Так мы верили. Только благодаря нашей вере мы легко перепрыгивали через засоренные круги, через многочисленные табу и еще более многочисленные речи и подвигались вперед.
Иногда наша жизнь была тяжела. Над нами стоял чиновник из финотдела, существо еще более древней формации, бесславно протащившее свою историю через века и поколения, тот самый «ярыга», который основательно засел в российские печенки еще при московских государях. Это был настоящий организатор и вдохновитель соцвосовской практики, истинный хозяин всех наших идеалов, принципов и идей. Выдавая в год десятки миллионов, он зорко следил, чтобы они были именно истрачены, проедены, прожиты в той норме бедности, которую он считал наиболее подходящей. Это был сущий сказочный Кащей, сухой, худой, злобный и, кроме того, принципиально бессмертный. Кащей Бессмертный выдавал нам деньги полумесячными долями, и его желтые глаза торчали над каждым нашим карманом.
— Как же это? — скрипел он. — Вам было выдано 115 рублей на обмундирование, а вы приобрели на них какие-то доски… На обмундирование вам было выдано… На доски вам ничего не полагается…
— Кащей, Кащей! С обмундированием мы можем подождать, а доски — это материал. Из него мы сделаем вещи, вложим труд, продадим за 300 рублей…
— Что вы говорите? Какие доски, какой труд? Вам было выдано на обмундирование…
— Кащей, Кащей! Лучше нам купить обмундирование на 300 рублей.
— Что такое «лучше»? Зачем «лучше» или «хуже», когда есть смета, а по смете нет никаких «лучше», а есть обмундирование. Статья…
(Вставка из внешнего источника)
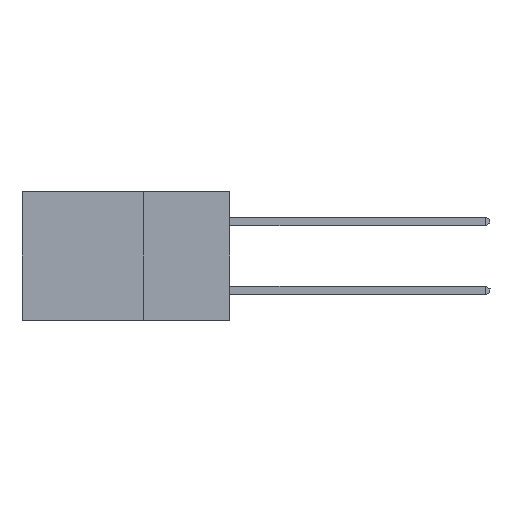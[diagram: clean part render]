
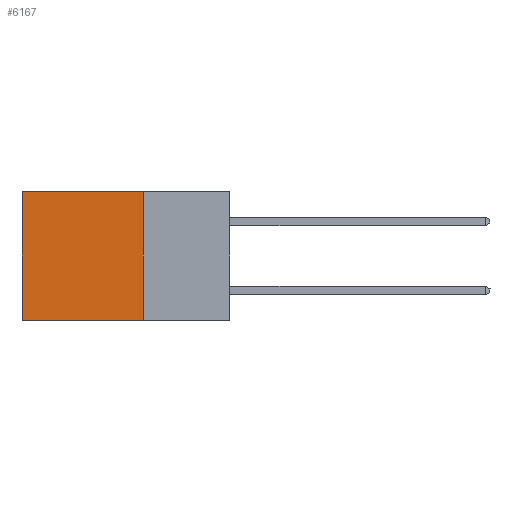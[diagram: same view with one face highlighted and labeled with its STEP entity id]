
A CAD part, left-side view. The second image highlights one B-rep face of the part: STEP entity #6167.
In plain terms, the highlighted planar face has unit normal (-1, 0, 0).
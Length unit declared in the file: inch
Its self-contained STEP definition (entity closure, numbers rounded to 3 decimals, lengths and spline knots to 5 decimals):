
#152 = VECTOR ( 'NONE', #1602, 39.37008 ) ;
#1272 = CARTESIAN_POINT ( 'NONE',  ( 0.298, 0.6, 0. ) ) ;
#1409 = AXIS2_PLACEMENT_3D ( 'NONE', #21046, #3761, #17267 ) ;
#1451 = PLANE ( 'NONE',  #1409 ) ;
#1602 = DIRECTION ( 'NONE',  ( 0., 0., -1. ) ) ;
#3434 = VERTEX_POINT ( 'NONE', #16141 ) ;
#3670 = LINE ( 'NONE', #1272, #21722 ) ;
#3761 = DIRECTION ( 'NONE',  ( 1., 0., 0. ) ) ;
#4696 = ORIENTED_EDGE ( 'NONE', *, *, #11787, .F. ) ;
#4719 = ORIENTED_EDGE ( 'NONE', *, *, #11675, .F. ) ;
#5598 = CARTESIAN_POINT ( 'NONE',  ( 0.298, 0.25, 0. ) ) ;
#6167 = ADVANCED_FACE ( 'NONE', ( #24250 ), #1451, .F. ) ;
#6995 = CARTESIAN_POINT ( 'NONE',  ( 0.298, 0.25, -0.37 ) ) ;
#7039 = DIRECTION ( 'NONE',  ( 0., 1., 0. ) ) ;
#7652 = VERTEX_POINT ( 'NONE', #10110 ) ;
#8663 = VECTOR ( 'NONE', #10290, 39.37008 ) ;
#8993 = DIRECTION ( 'NONE',  ( 0., 0., -1. ) ) ;
#9842 = LINE ( 'NONE', #16747, #25193 ) ;
#10110 = CARTESIAN_POINT ( 'NONE',  ( 0.298, 0.6, -0.37 ) ) ;
#10290 = DIRECTION ( 'NONE',  ( 0., 1., 0. ) ) ;
#11675 = EDGE_CURVE ( 'NONE', #17576, #20535, #15717, .T. ) ;
#11787 = EDGE_CURVE ( 'NONE', #20535, #7652, #16331, .T. ) ;
#12453 = ORIENTED_EDGE ( 'NONE', *, *, #16055, .T. ) ;
#15717 = LINE ( 'NONE', #5598, #152 ) ;
#16055 = EDGE_CURVE ( 'NONE', #3434, #7652, #3670, .T. ) ;
#16086 = EDGE_LOOP ( 'NONE', ( #12453, #4696, #4719, #23156 ) ) ;
#16141 = CARTESIAN_POINT ( 'NONE',  ( 0.298, 0.6, 0. ) ) ;
#16331 = LINE ( 'NONE', #17699, #8663 ) ;
#16577 = CARTESIAN_POINT ( 'NONE',  ( 0.298, 0.25, 0. ) ) ;
#16747 = CARTESIAN_POINT ( 'NONE',  ( 0.298, 0.25, 0. ) ) ;
#17267 = DIRECTION ( 'NONE',  ( 0., 0., -1. ) ) ;
#17576 = VERTEX_POINT ( 'NONE', #16577 ) ;
#17699 = CARTESIAN_POINT ( 'NONE',  ( 0.298, 0.25, -0.37 ) ) ;
#20535 = VERTEX_POINT ( 'NONE', #6995 ) ;
#21046 = CARTESIAN_POINT ( 'NONE',  ( 0.298, 0.25, 0. ) ) ;
#21722 = VECTOR ( 'NONE', #8993, 39.37008 ) ;
#23156 = ORIENTED_EDGE ( 'NONE', *, *, #24234, .T. ) ;
#24234 = EDGE_CURVE ( 'NONE', #17576, #3434, #9842, .T. ) ;
#24250 = FACE_OUTER_BOUND ( 'NONE', #16086, .T. ) ;
#25193 = VECTOR ( 'NONE', #7039, 39.37008 ) ;

Чарлз Дарвин — великий мыслитель и великий ученый. Но он был бы еще более великим, если бы наблюдал нас, заведующих колониями. Он бы увидел совершенно исключительные формы приспособления, мимикрии, защитной окраски, поедания слабейших, естественного отбора и прочих явлений биологии. Он бы увидел, с какой гениальной приспособляемостью мы все-таки покупали доски и делали кое-что, как быстро и биологически совершенно мы все-таки обращали 115 рублей в 300 и приобретали поэтому не бумажные костюмы, а суконные, а потом, дождавшись очередной сутолоки у Кащея Бессмертного, представляли ему каллиграфически выписанный отчет. Окрасившись в зеленый цвет, цвет юности, надежды и соцвоса, мы прятались на общем фоне наркомпросовской зелени и, затаив дыхание, слушали кащеевские громы, угрозы начетами и уголовщиной. Мы даже видели, как, распростершись на сухих крючковатых крыльях, Кащей Бессмертный ширял над нами и клевал наших коллег, защитная окраска которых была хуже сделана, чем у нас.